Der Arztroman ist tot – lang lebe der Arztroman, wenn er sich zeitgemäß etwas schmuddeliger gibt als in den 1950er-Jahren.

Die populärwissenschaftliche Weltliteratur zu den Themen Schmuddel, Sex und Schmuddelsex erfreut sich zurzeit großer Beliebtheit. So wurde der Roman „Shades of Grey“ alleine in Österreich von rund 50 Millionen Frauen gekauft. Im gut sortierten Buchhandel ist das Werk neben „Ratgeber“ und „Heimatkunde“ in der Abteilung „Sadomaso-Softporno“ zu finden. Die Formulierung des deutschen Magazins Spiegel „Arztroman ohne Doktor, dafür mit Doktorspielchen“ hat mich natürlich besonders angesprochen.

Die vorwiegend weibliche Leserschaft (und ein paar Männer, die wissen möchten, was Frauen tatsächlich wollen und sich beim Studium der Lektüre Startvorteile im Geschlechterkampf erhoffen) kritisiert zwar den literarisch fragwürdigen Stil, kauft jedoch nun auch den zweiten Band. Hier hat sich wieder einmal gezeigt, dass Sex einfach sells. Nicht nur bei Männern.

So habe ich mich entschlossen, eine Trilogie mit dem Titel „Shades of White“ zu veröffentlichen und damit unsagbar reich zu werden. Denn ich biete einen „Arztroman mit Doktor und Doktorspielchen“ an. Die Handlung soll dabei kurz gehalten werden: Ein unfassbar wohlhabender Arzt mit Vorliebe für erotische Rollenspiele tritt in das Leben einer unfassbar unwohlhabenden Nicht-Ärztin, die darauf steht, dass sich ihr Partner als Arzt verkleidet. Dadurch kommt es auf seelischgeistiger Ebene zu einer Konfrontation zwischen den individuellen Autonomiebestrebungen und dem gesellschaftlichen Streben nach destruktivem Konformismus. Vor allem geht es aber um Schweinekram.
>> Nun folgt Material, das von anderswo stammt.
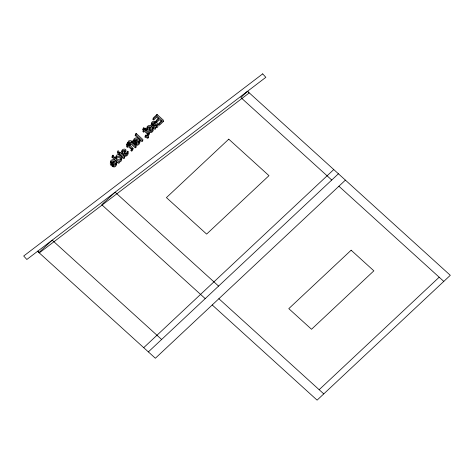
<?xml version="1.0" encoding="UTF-8"?>
<svg xmlns="http://www.w3.org/2000/svg" width="474" height="474" viewBox="0 0 474 474"><rect width="100%" height="100%" fill="white"/><g stroke="black" fill="none" stroke-linecap="round" stroke-linejoin="round"><path stroke-width="0.71" d="M116.468 156.894C115.964 158.986 119.276 161.071 120.68 159.169M139.166 141.157L138.592 142.455L137.644 142.976L136.696 142.87L135.955 143.563L135.712 144.896C139.581 146.851 141.643 140.517 137.549 139.415C134.462 137.661 131.553 142.437 134.835 144.203L138.141 141.098L138.716 141.797L138.799 143.172L137.887 144.126L136.447 144.209L135.712 144.896M112.978 155.182L112.735 156.521L115.437 158.974L115.437 157.842L116.557 156.479L118.18 156.118L119.952 156.776L121.622 158.82L121.374 160.876L119.898 161.936L118.636 161.942L119.454 162.683L118.743 163.346L111.988 157.214L112.237 155.881L112.978 155.182C117.096 161.705 114.43 153.238 119.021 154.891C120.864 155.407 122.819 157.623 121.622 159.542M111.787 164.656L114.323 162.28L112.936 161.752L111.26 162.807L111.787 164.656L112.036 163.317L114.062 161.421M112.51 166.641L113.245 165.947L114.69 165.864L115.597 164.911L115.52 163.542L114.945 162.843L111.633 165.947C108.356 164.182 111.266 159.406 114.353 161.154C118.447 162.262 116.385 168.59 112.51 166.641L112.759 165.302L113.493 164.614L114.933 164.531L115.846 163.577M113.245 165.947L113.493 164.614M118.927 154.257L119.17 152.924L119.916 152.225L124.751 156.61L124.502 157.949L123.761 158.642L118.927 154.257L119.667 153.558L119.916 152.225M128.057 153.41L128.253 151.881L127.85 151.2L127.103 151.905L127.079 154.062L126.522 154.945L125.586 155.472L124.603 155.016C129.035 149.666 120.301 148.326 121.954 153.89L122.671 153.221L122.707 151.52M129.864 144.991L133.04 148.362L132.655 150.24L131.677 151.218L131.02 150.619L131.541 149.506L128.383 146.579L127.488 147.42L126.842 146.839L127.737 145.992L126.653 145.008L126.896 143.669L127.642 142.976L128.732 143.96L128.484 145.299L127.393 144.309L127.642 142.976M126.842 146.839L127.091 145.5M127.832 142.775L128.454 141.015L130.326 140.577L131.422 141.442L131.174 142.775L129.449 141.756L127.832 142.775L128.478 143.361L129.657 142.834L130.433 143.474L129.532 144.315L130.178 144.902L131.079 144.06L135.268 147.858L136.008 147.165L136.257 145.826L132.59 142.502M126.854 153.238L127.601 152.533L127.85 151.2M128.484 145.299L129.124 144.694L129.372 143.361L130.018 143.948M129.532 144.315L129.781 142.982M131.174 142.775L131.813 142.176L132.062 140.837L132.708 141.424L132.459 142.763L131.819 143.361L136.008 147.165M131.02 150.619L131.606 149.002M135.185 135.475L135.434 134.136L136.18 133.443L142.935 139.569L142.686 140.908L141.939 141.602L135.185 135.475L135.931 134.776L136.18 133.443M134.983 142.911L137.519 140.535L136.133 140.008L134.456 141.062L134.983 142.911L135.232 141.578L136.755 140.15M136.447 144.209L136.696 142.87M145.577 129.366L149.233 133.182L148.854 135.06L147.876 136.032L147.213 135.44L147.74 134.326L144.582 131.399L143.687 132.24L143.041 131.654L143.936 130.812L142.846 129.823L143.095 128.49L143.841 127.79L144.931 128.78L144.683 130.119L143.592 129.129L143.841 127.79M143.041 131.654L143.284 130.32M144.683 130.119L145.322 129.515L145.571 128.181L146.217 128.768L145.968 130.101L145.328 130.7L148.99 134.515M145.02 137.051L145.263 135.712L146.057 134.972L148.546 136.441L148.297 137.774L147.716 138.313L145.02 137.051L145.808 136.305L146.057 134.972M153.535 129.005L153.061 127.571L152.314 128.27L152.296 130.433L151.739 131.31L150.803 131.837L149.82 131.387C154.251 126.037 145.512 124.692 147.171 130.261L147.882 129.592L147.918 127.885M147.213 135.44L147.805 133.822M158.707 124.549L161.758 121.688L159.531 119.673L156.639 122.387L155.922 121.735L158.814 119.021L156.74 117.137L153.683 119.999L152.96 119.341L153.209 118.002L157.03 114.418L163.5 120.295L163.257 121.628L159.43 125.213L158.707 124.549L158.95 123.216L161.498 120.834M151.366 124.354C150.661 122.316 153.623 120.272 155.3 121.634L155.051 122.967L154.34 123.637L152.995 123.619L152.184 124.401L152.118 125.332L152.853 126.125L153.102 124.786C154.263 123.501 156.864 121.688 158.061 123.927L157.99 125.349M152.065 129.609L152.818 128.904L153.061 127.571M152.96 119.341L156.781 115.757L157.03 114.418M155.922 121.735L156.165 120.402L158.583 118.139M133.04 148.362L132.442 149.47M149.233 133.182L148.64 134.29M127.328 152.729L126.297 153.961L125.409 154.121L124.852 153.683M125.687 151.692C127.779 147.977 120.728 148.398 121.794 151.923M150.898 128.063C153.055 124.058 145.352 125.071 147.171 128.626M124.958 150.963L123.827 152.96L123.844 154.091M116.515 164.33C119.205 159.922 109.595 157.249 110.495 162.783M139.717 142.591C142.401 138.183 132.797 135.511 133.692 141.039M149.944 127.761L149.043 129.331L149.055 130.463M118.767 151.864L118.897 151.182L118.251 150.791A0.681 0.628 10.5 0 0 117.801 151.858M152.361 129.538L151.046 130.504L150.009 129.775M111.988 157.214L112.735 156.521M126.653 145.008L127.393 144.309M142.846 129.823L143.592 129.129M128.732 143.96L129.372 143.361M131.422 141.442L132.062 140.837M144.931 128.78L145.571 128.181M154.589 122.304L155.3 121.634M38.927 252.589L52.187 240.164L161.628 339.473M212.21 304.966L317.1 400.139L450.3 275.305L247.511 91.292L240.839 97.543L331.747 180.031M143.717 347.673L333.761 169.556M148.368 351.898L338.412 173.78M345.41 180.126L155.365 358.243L37.535 251.327M319.156 389.705L439.185 277.213M152.853 126.125C154.02 124.834 156.621 123.021 157.818 125.26L157.949 125.966C158.594 128.472 153.286 127.352 155.662 128.744L154.957 129.402C153.878 127.779 150.086 126.617 151.242 124.093C151.941 122.813 153.801 121.972 155.051 122.967M156.621 125.574L155.342 126.143L154.109 125.705M135.955 143.563L136.334 143.758M112.759 165.302L113.138 165.503M145.808 136.305L148.297 137.774M338.904 186.223L443.8 281.396M156.781 115.757L163.257 121.628M153.102 124.786L152.367 123.992M145.322 129.515L145.968 130.101M135.931 134.776L142.686 140.908M131.813 142.176L132.459 142.763M129.124 144.694L129.769 145.281L129.129 145.885L132.791 149.695M119.667 153.558L124.502 157.949M218.585 286.089L115.111 192.201L101.744 204.732L205.218 298.62M218.875 298.715L323.772 393.894M247.511 91.292L249.081 93.028L39.419 252.826L37.843 251.09M135.232 141.578L134.592 140.345M112.036 163.317L111.396 162.09M152.818 128.904C154.933 131.369 149.452 134.61 148.67 131.274L149.92 128.667L149.79 127.743L149.02 127.53L148.137 127.998L147.645 128.821L147.882 129.592M127.601 152.533C129.716 155.004 124.235 158.245 123.459 154.903L124.709 152.296L124.573 151.378L123.803 151.159L122.92 151.627L122.434 152.45L122.671 153.221M127.103 151.905L127.316 152.308M116.225 158.227C115.431 160.893 120.674 162.701 120.669 159.454C120.384 157.522 117.167 156.07 116.225 158.227M118.701 152.758L118.038 153.38A0.681 0.628 10.5 0 1 117.339 152.747A0.681 0.628 10.5 0 1 118.008 152.124L118.701 152.758M156.864 126.078C156.497 127.559 154.364 127.933 153.469 126.682L155.774 125.1L156.586 125.343L156.864 126.078M228.764 139.172L166.421 197.611L206.628 234.091L268.977 175.658L228.764 139.172M351.139 250.213L288.79 308.645L311.519 329.27L373.868 270.832L351.139 250.213M262.691 73.861L23.7 256.007L26.846 259.474L265.837 77.327L262.691 73.861"/></g></svg>

Ich sehe mich bereits als viel gefragter Gast in einschlägigen bekannten Talk-Shows, im weißen Mantel am Roten Teppich anlässlich der Romanverfilmung von „Shades of White“ mit Brad Pitt und Sascha Hehn in den Titelrollen, oder mit nacktem Oberkörper am Cover des „Rolling Stone“.

Allerdings befürchte ich, dass ich spätestens bei der Formulierung „Langsam glitten seine starken Chirurgenhände …“ in lautstarkes Lachen ausbreche, das mir ein Weiterschreiben unmöglich macht.

Vielleicht sollte ich doch bei meinen Leistenbrüchen bleiben und das schreiben, was einem Arzt geziemt wie etwa „Anleitung zur Arthrose“ oder „Das langweilige Buch über Leberfunktionsstörungen“. Mit diesen Themen wird man zwar nicht reich, aber es bleiben einem zumindest in der Ordination die zweideutigen Andeutungen der Patienten erspart.